Pub. L. 116–283, div. F, title LXIII, § 6305, Jan. 1, 2021, 134 Stat. 4587, provided that:

“(a) Assessment.—
“(1) In general.—
The Director [probably means Director of FinCEN], in consultation with the Attorney General, the Federal functional regulators, State bank supervisors, State credit union supervisors, and other Federal agencies, as appropriate, shall conduct an assessment on whether to establish a process for the issuance of no-action letters by FinCEN [Financial Crimes Enforcement Network of the Department of the Treasury] in response to inquiries from persons concerning the application of the Bank Secrecy Act, the USA PATRIOT Act (Public Law 107–56; 115 Stat. 272), section 8(s) of the Federal Deposit Insurance Act (12 U.S.C. 1818(s)), or any other anti-money laundering or countering the financing of terrorism law (including regulations) to specific conduct, including a request for a statement as to whether FinCEN or any relevant Federal functional regulator intends to take an enforcement action against the person with respect to such conduct.
“(2) Analysis.—The assessment required under paragraph (1) shall include an analysis of—
“(A)
a timeline for the process used to reach a final determination by FinCEN, in consultation with the relevant Federal functional regulators, in response to a request by a person for a no-action letter;
“(B)
whether improvements in current processes are necessary;
“(C)
whether a formal no-action letter process would help to mitigate or accentuate illicit finance risks in the United States; and
“(D)
any other matter the Secretary determines is appropriate.
“(b) Report and Rulemakings.—Not later than 180 days after the date of enactment of this Act [Jan. 1, 2021], the Secretary [of the Treasury], in coordination with the Director of the Federal Bureau of Investigation, the Attorney General, the Secretary of Homeland Security, and the Federal functional regulators, shall—
“(1)
submit to the Committee on Banking, Housing, and Urban Affairs of the Senate and the Committee on Financial Services of the House of Representatives a report that contains all findings and determinations made in carrying out the assessment required under subsection (a); and
“(2)
propose rulemakings, if appropriate, to implement the findings and determinations described in paragraph (1).”

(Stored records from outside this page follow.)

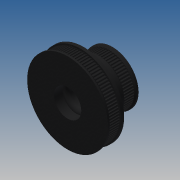
# Autodesk Inventor part: z idler pulley 3
Saved by Autodesk Inventor 2013 (Build 170138000, 138)
## iProperties
Created: 2017-04-05
Part Number: z idler pulley 3
Material: Generic
Document SubType Name: Modeling
Designer: employee
Density: 1 g/cm^3
Author: employee
Autodesk Inventor part; units mm, degrees
ref_plane "YZ Plane" through (0, 0, 0) normal (1, 0, 0) x (0, 1, 0)
ref_plane "XZ Plane" through (0, 0, 0) normal (0, 1, 0) x (-1, 0, 0)
ref_plane "XY Plane" through (0, 0, 0) normal (0, 0, 1) x (1, 0, 0)
sketch "Sketch1" plane through (0, 0, 0) normal (0, 1, 0) x (-1, 0, 0)
  circle A0 centre (0, 0) radius 31.577
  dimension "d0" = 63.154
  constraints: 1 centre point, 1 coincident
  measures "d0" diameter of A0
extrude "Extrusion1" add sketch "Sketch1" along normal mid plane 8
sketch "Sketch2" plane through (0, 4, 0) normal (0, 1, 0) x (1, 0, 0)
  circle A0 centre (0, 0) radius 31.577 projected
  circle A1 centre (0, 31.577) radius 0.795
  dimension "d5" = 1.59
  constraints: 2 vertical alignment, 1 centre point, 1 other
  measures "d5" diameter of A1
extrude "Extrusion2" cut sketch "Sketch2" against normal through all contours A1 A0 | A0 A1 picked at (0.0317, 31.3132) picked at (0.0304, 31.8395)
pattern_circular "Circular Pattern1" count 100 over 360 about axis through (0, 0, 0) along (0, 1, 0) of "Extrusion2"
sketch "Sketch4" plane through (0, -4, 0) normal (0, -1, 0) x (1, 0, 0)
  arc A0 (-31.1568, 5.1342) -> (-31.2184, 4.7451) centre (0, 0) ccw projected
  arc A1 (0.7949, -31.567) -> (1.1887, -31.5546) centre (0, 0) ccw projected
  circle A2 centre (0, 0) radius 32.577
  dimension "d12" = 1
  constraints: 1 centre point, 1 coincident
  measures "d12" radial gap between concentric circles of A0 A2
extrude "Extrusion3" add sketch "Sketch4" along normal blind 2.5
chamfer "Chamfer1" distance 1 angle 45 1 edges at (-32.577, -4, 0)
mirror "Mirror1" about plane through (0, 0, 0) normal (0, 1, 0) of "Extrusion3"
sketch "Sketch5" plane through (0, 6.5, 0) normal (0, 1, 0) x (1, 0, 0)
  circle A0 centre (0, 0) radius 32.577 projected
  circle A1 centre (0, 0) radius 20.1178
  dimension "d18" = 40.2357
  constraints: 1 centre point, 1 coincident
  measures "d18" diameter of A1
extrude "Extrusion4" add sketch "Sketch5" along normal blind 23.1 contours A1
sketch "Sketch6" plane through (0, 29.6, 0) normal (0, 1, 0) x (1, 0, 0)
  circle A0 centre (0, 0) radius 20.1178 projected
  circle A1 centre (0, 20.1178) radius 0.795
  dimension "d22" = 1.59
  constraints: 2 vertical alignment, 1 centre point, 1 other
  measures "d22" diameter of A1
extrude "Extrusion5" cut sketch "Sketch6" against normal up to surface (23.1 mm away) contours A1 A0 | A0 A1 picked at (0.0315, 19.8535) picked at (0.0295, 20.38)
pattern_circular "Circular Pattern2" count 64 over 360 about axis through (0, 6.5, 0) along (0, 1, 0) of "Extrusion5"
sketch "Sketch7" plane through (0, 6.5, 0) normal (0, 1, 0) x (1, 0, 0)
  arc A0 (3.1422, 19.8709) -> (2.7614, 19.9274) centre (0, 0) ccw projected
  arc A1 (3.1422, 19.8709) -> (4.7013, 19.5608) centre (3.9248, 19.7313) ccw projected
  arc A2 (5.0747, 19.4673) -> (4.7013, 19.5608) centre (0, 0) ccw projected
  arc A3 (5.0747, 19.4673) -> (6.596, 19.0058) centre (5.8399, 19.2516) ccw projected
  arc A4 (6.9584, 18.8761) -> (6.596, 19.0058) centre (0, 0) ccw projected
  arc A5 (6.9584, 18.8761) -> (8.4271, 18.2678) centre (7.6988, 18.5865) ccw projected
  arc A6 (8.7751, 18.1032) -> (8.4271, 18.2678) centre (0, 0) ccw projected
  arc A7 (8.7751, 18.1032) -> (10.1771, 17.3538) centre (9.4835, 17.7423) ccw projected
  arc A8 (10.5073, 17.1559) -> (10.1771, 17.3538) centre (0, 0) ccw projected
  arc A9 (10.5073, 17.1559) -> (11.829, 16.2727) centre (11.1769, 16.7274) ccw projected
  arc A10 (12.1382, 16.0434) -> (11.829, 16.2727) centre (0, 0) ccw projected
  arc A11 (12.1382, 16.0434) -> (13.3671, 15.0349) centre (12.7626, 15.5513) ccw projected
  arc A12 (13.6523, 14.7764) -> (13.3671, 15.0349) centre (0, 0) ccw projected
  arc A13 (13.6523, 14.7764) -> (14.7764, 13.6523) centre (14.2255, 14.2255) ccw projected
  arc A14 (15.0349, 13.3671) -> (14.7764, 13.6523) centre (0, 0) ccw projected
  arc A15 (15.0349, 13.3671) -> (16.0434, 12.1382) centre (15.5513, 12.7626) ccw projected
  arc A16 (16.2727, 11.829) -> (16.0434, 12.1382) centre (0, 0) ccw projected
  arc A17 (16.2727, 11.829) -> (17.1559, 10.5073) centre (16.7274, 11.1769) ccw projected
  arc A18 (17.3538, 10.1771) -> (17.1559, 10.5073) centre (0, 0) ccw projected
  arc A19 (17.3538, 10.1771) -> (18.1032, 8.7751) centre (17.7423, 9.4835) ccw projected
  arc A20 (18.2678, 8.4271) -> (18.1032, 8.7751) centre (0, 0) ccw projected
  arc A21 (18.2678, 8.4271) -> (18.8761, 6.9584) centre (18.5865, 7.6988) ccw projected
  arc A22 (19.0058, 6.596) -> (18.8761, 6.9584) centre (0, 0) ccw projected
  arc A23 (19.0058, 6.596) -> (19.4673, 5.0747) centre (19.2516, 5.8399) ccw projected
  arc A24 (19.5608, 4.7013) -> (19.4673, 5.0747) centre (0, 0) ccw projected
  arc A25 (19.5608, 4.7013) -> (19.8709, 3.1422) centre (19.7313, 3.9248) ccw projected
  arc A26 (19.9274, 2.7614) -> (19.8709, 3.1422) centre (0, 0) ccw projected
  arc A27 (19.9274, 2.7614) -> (20.0832, 1.1793) centre (20.021, 1.9719) ccw projected
  arc A28 (20.1021, 0.7948) -> (20.0832, 1.1793) centre (0, 0) ccw projected
  arc A29 (20.1021, 0.7948) -> (20.1021, -0.7948) centre (20.1178, 0) ccw projected
  arc A30 (20.0832, -1.1793) -> (20.1021, -0.7948) centre (0, 0) ccw projected
  arc A31 (20.0832, -1.1793) -> (19.9274, -2.7614) centre (20.021, -1.9719) ccw projected
  arc A32 (19.8709, -3.1422) -> (19.9274, -2.7614) centre (0, 0) ccw projected
  arc A33 (19.8709, -3.1422) -> (19.5608, -4.7013) centre (19.7313, -3.9248) ccw projected
  arc A34 (19.4673, -5.0747) -> (19.5608, -4.7013) centre (0, 0) ccw projected
  arc A35 (19.4673, -5.0747) -> (19.0058, -6.596) centre (19.2516, -5.8399) ccw projected
  arc A36 (18.8761, -6.9584) -> (19.0058, -6.596) centre (0, 0) ccw projected
  arc A37 (18.8761, -6.9584) -> (18.2678, -8.4271) centre (18.5865, -7.6988) ccw projected
  arc A38 (18.1032, -8.7751) -> (18.2678, -8.4271) centre (0, 0) ccw projected
  arc A39 (18.1032, -8.7751) -> (17.3538, -10.1771) centre (17.7423, -9.4835) ccw projected
  arc A40 (17.1559, -10.5073) -> (17.3538, -10.1771) centre (0, 0) ccw projected
  arc A41 (17.1559, -10.5073) -> (16.2727, -11.829) centre (16.7274, -11.1769) ccw projected
  arc A42 (16.0434, -12.1382) -> (16.2727, -11.829) centre (0, 0) ccw projected
  arc A43 (16.0434, -12.1382) -> (15.0349, -13.3671) centre (15.5513, -12.7626) ccw projected
  arc A44 (14.7764, -13.6523) -> (15.0349, -13.3671) centre (0, 0) ccw projected
  arc A45 (14.7764, -13.6523) -> (13.6523, -14.7764) centre (14.2255, -14.2255) ccw projected
  arc A46 (13.3671, -15.0349) -> (13.6523, -14.7764) centre (0, 0) ccw projected
  arc A47 (13.3671, -15.0349) -> (12.1382, -16.0434) centre (12.7626, -15.5513) ccw projected
  arc A48 (11.829, -16.2727) -> (12.1382, -16.0434) centre (0, 0) ccw projected
  arc A49 (11.829, -16.2727) -> (10.5073, -17.1559) centre (11.1769, -16.7274) ccw projected
  arc A50 (10.1771, -17.3538) -> (10.5073, -17.1559) centre (0, 0) ccw projected
  arc A51 (10.1771, -17.3538) -> (8.7751, -18.1032) centre (9.4835, -17.7423) ccw projected
  arc A52 (8.4271, -18.2678) -> (8.7751, -18.1032) centre (0, 0) ccw projected
  arc A53 (8.4271, -18.2678) -> (6.9584, -18.8761) centre (7.6988, -18.5865) ccw projected
  arc A54 (6.596, -19.0058) -> (6.9584, -18.8761) centre (0, 0) ccw projected
  arc A55 (6.596, -19.0058) -> (5.0747, -19.4673) centre (5.8399, -19.2516) ccw projected
  arc A56 (4.7013, -19.5608) -> (5.0747, -19.4673) centre (0, 0) ccw projected
  arc A57 (4.7013, -19.5608) -> (3.1422, -19.8709) centre (3.9248, -19.7313) ccw projected
  arc A58 (2.7614, -19.9274) -> (3.1422, -19.8709) centre (0, 0) ccw projected
  arc A59 (2.7614, -19.9274) -> (1.1793, -20.0832) centre (1.9719, -20.021) ccw projected
  arc A60 (0.7948, -20.1021) -> (1.1793, -20.0832) centre (0, 0) ccw projected
  arc A61 (0.7948, -20.1021) -> (-0.7948, -20.1021) centre (0, -20.1178) ccw projected
  arc A62 (-1.1793, -20.0832) -> (-0.7948, -20.1021) centre (0, 0) ccw projected
  arc A63 (-1.1793, -20.0832) -> (-2.7614, -19.9274) centre (-1.9719, -20.021) ccw projected
  arc A64 (-3.1422, -19.8709) -> (-2.7614, -19.9274) centre (0, 0) ccw projected
  arc A65 (-3.1422, -19.8709) -> (-4.7013, -19.5608) centre (-3.9248, -19.7313) ccw projected
  arc A66 (-5.0747, -19.4673) -> (-4.7013, -19.5608) centre (0, 0) ccw projected
  arc A67 (-5.0747, -19.4673) -> (-6.596, -19.0058) centre (-5.8399, -19.2516) ccw projected
  arc A68 (-6.9584, -18.8761) -> (-6.596, -19.0058) centre (0, 0) ccw projected
  arc A69 (-6.9584, -18.8761) -> (-8.4271, -18.2678) centre (-7.6988, -18.5865) ccw projected
  arc A70 (-8.7751, -18.1032) -> (-8.4271, -18.2678) centre (0, 0) ccw projected
  arc A71 (-8.7751, -18.1032) -> (-10.1771, -17.3538) centre (-9.4835, -17.7423) ccw projected
  arc A72 (-10.5073, -17.1559) -> (-10.1771, -17.3538) centre (0, 0) ccw projected
  arc A73 (-10.5073, -17.1559) -> (-11.829, -16.2727) centre (-11.1769, -16.7274) ccw projected
  arc A74 (-12.1382, -16.0434) -> (-11.829, -16.2727) centre (0, 0) ccw projected
  arc A75 (-12.1382, -16.0434) -> (-13.3671, -15.0349) centre (-12.7626, -15.5513) ccw projected
  arc A76 (-13.6523, -14.7764) -> (-13.3671, -15.0349) centre (0, 0) ccw projected
  arc A77 (-13.6523, -14.7764) -> (-14.7764, -13.6523) centre (-14.2255, -14.2255) ccw projected
  arc A78 (-15.0349, -13.3671) -> (-14.7764, -13.6523) centre (0, 0) ccw projected
  arc A79 (-15.0349, -13.3671) -> (-16.0434, -12.1382) centre (-15.5513, -12.7626) ccw projected
  arc A80 (-16.2727, -11.829) -> (-16.0434, -12.1382) centre (0, 0) ccw projected
  arc A81 (-16.2727, -11.829) -> (-17.1559, -10.5073) centre (-16.7274, -11.1769) ccw projected
  arc A82 (-17.3538, -10.1771) -> (-17.1559, -10.5073) centre (0, 0) ccw projected
  arc A83 (-17.3538, -10.1771) -> (-18.1032, -8.7751) centre (-17.7423, -9.4835) ccw projected
  arc A84 (-18.2678, -8.4271) -> (-18.1032, -8.7751) centre (0, 0) ccw projected
  arc A85 (-18.2678, -8.4271) -> (-18.8761, -6.9584) centre (-18.5865, -7.6988) ccw projected
  arc A86 (-19.0058, -6.596) -> (-18.8761, -6.9584) centre (0, 0) ccw projected
  arc A87 (-19.0058, -6.596) -> (-19.4673, -5.0747) centre (-19.2516, -5.8399) ccw projected
  arc A88 (-19.5608, -4.7013) -> (-19.4673, -5.0747) centre (0, 0) ccw projected
  arc A89 (-19.5608, -4.7013) -> (-19.8709, -3.1422) centre (-19.7313, -3.9248) ccw projected
  arc A90 (-19.9274, -2.7614) -> (-19.8709, -3.1422) centre (0, 0) ccw projected
  arc A91 (-19.9274, -2.7614) -> (-20.0832, -1.1793) centre (-20.021, -1.9719) ccw projected
  arc A92 (-20.1021, -0.7948) -> (-20.0832, -1.1793) centre (0, 0) ccw projected
  arc A93 (-20.1021, -0.7948) -> (-20.1021, 0.7948) centre (-20.1178, 0) ccw projected
  arc A94 (-20.0832, 1.1793) -> (-20.1021, 0.7948) centre (0, 0) ccw projected
  arc A95 (-20.0832, 1.1793) -> (-19.9274, 2.7614) centre (-20.021, 1.9719) ccw projected
  arc A96 (-19.8709, 3.1422) -> (-19.9274, 2.7614) centre (0, 0) ccw projected
  arc A97 (-19.8709, 3.1422) -> (-19.5608, 4.7013) centre (-19.7313, 3.9248) ccw projected
  arc A98 (-19.4673, 5.0747) -> (-19.5608, 4.7013) centre (0, 0) ccw projected
  arc A99 (-19.4673, 5.0747) -> (-19.0058, 6.596) centre (-19.2516, 5.8399) ccw projected
  arc A100 (-18.8761, 6.9584) -> (-19.0058, 6.596) centre (0, 0) ccw projected
  arc A101 (-18.8761, 6.9584) -> (-18.2678, 8.4271) centre (-18.5865, 7.6988) ccw projected
  arc A102 (-18.1032, 8.7751) -> (-18.2678, 8.4271) centre (0, 0) ccw projected
  arc A103 (-18.1032, 8.7751) -> (-17.3538, 10.1771) centre (-17.7423, 9.4835) ccw projected
  arc A104 (-17.1559, 10.5073) -> (-17.3538, 10.1771) centre (0, 0) ccw projected
  arc A105 (-17.1559, 10.5073) -> (-16.2727, 11.829) centre (-16.7274, 11.1769) ccw projected
  arc A106 (-16.0434, 12.1382) -> (-16.2727, 11.829) centre (0, 0) ccw projected
  arc A107 (-16.0434, 12.1382) -> (-15.0349, 13.3671) centre (-15.5513, 12.7626) ccw projected
  arc A108 (-14.7764, 13.6523) -> (-15.0349, 13.3671) centre (0, 0) ccw projected
  arc A109 (-14.7764, 13.6523) -> (-13.6523, 14.7764) centre (-14.2255, 14.2255) ccw projected
  arc A110 (-13.3671, 15.0349) -> (-13.6523, 14.7764) centre (0, 0) ccw projected
  arc A111 (-13.3671, 15.0349) -> (-12.1382, 16.0434) centre (-12.7626, 15.5513) ccw projected
  arc A112 (-11.829, 16.2727) -> (-12.1382, 16.0434) centre (0, 0) ccw projected
  arc A113 (-11.829, 16.2727) -> (-10.5073, 17.1559) centre (-11.1769, 16.7274) ccw projected
  arc A114 (-10.1771, 17.3538) -> (-10.5073, 17.1559) centre (0, 0) ccw projected
  arc A115 (-10.1771, 17.3538) -> (-8.7751, 18.1032) centre (-9.4835, 17.7423) ccw projected
  arc A116 (-8.4271, 18.2678) -> (-8.7751, 18.1032) centre (0, 0) ccw projected
  arc A117 (-8.4271, 18.2678) -> (-6.9584, 18.8761) centre (-7.6988, 18.5865) ccw projected
  arc A118 (-6.596, 19.0058) -> (-6.9584, 18.8761) centre (0, 0) ccw projected
  arc A119 (-6.596, 19.0058) -> (-5.0747, 19.4673) centre (-5.8399, 19.2516) ccw projected
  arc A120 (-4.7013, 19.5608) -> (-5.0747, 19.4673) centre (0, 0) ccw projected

[For definition of “Federal functional regulator” as used in section 6305 of Pub. L. 116–283, set out above, see section 6003 of Pub. L. 116–283, set out as a Definitions note under section 5311 of this title.]

Establishment of Highly Secure Network

Pub. L. 107–56, title III, § 362, Oct. 26, 2001, 115 Stat. 332, as amended by Pub. L. 108–458, title VI, § 6202(m), Dec. 17, 2004, 118 Stat. 3746, provided that:

“(a) In General.—The Secretary [of the Treasury] shall establish a highly secure network in the Financial Crimes Enforcement Network that—
“(1)
allows financial institutions to file reports required under subchapter II of chapter 53 of title 31, United States Code, chapter 2 of Public Law 91–508 [probably means chapter 2 (§§ 121 to 129) of title I of Pub. L. 91–508 (12 U.S.C. 1951 et seq.)], or section 21 of the Federal Deposit Insurance Act [12 U.S.C. 1829b] through the secure network; and
“(2)
provides financial institutions with alerts and other information regarding suspicious activities that warrant immediate and enhanced scrutiny.
“(b) Expedited Development.—
The Secretary shall take such action as may be necessary to ensure that the secure network required under subsection (a) is fully operational before the end of the 9-month period beginning on the date of enactment of this Act [Oct. 26, 2001].”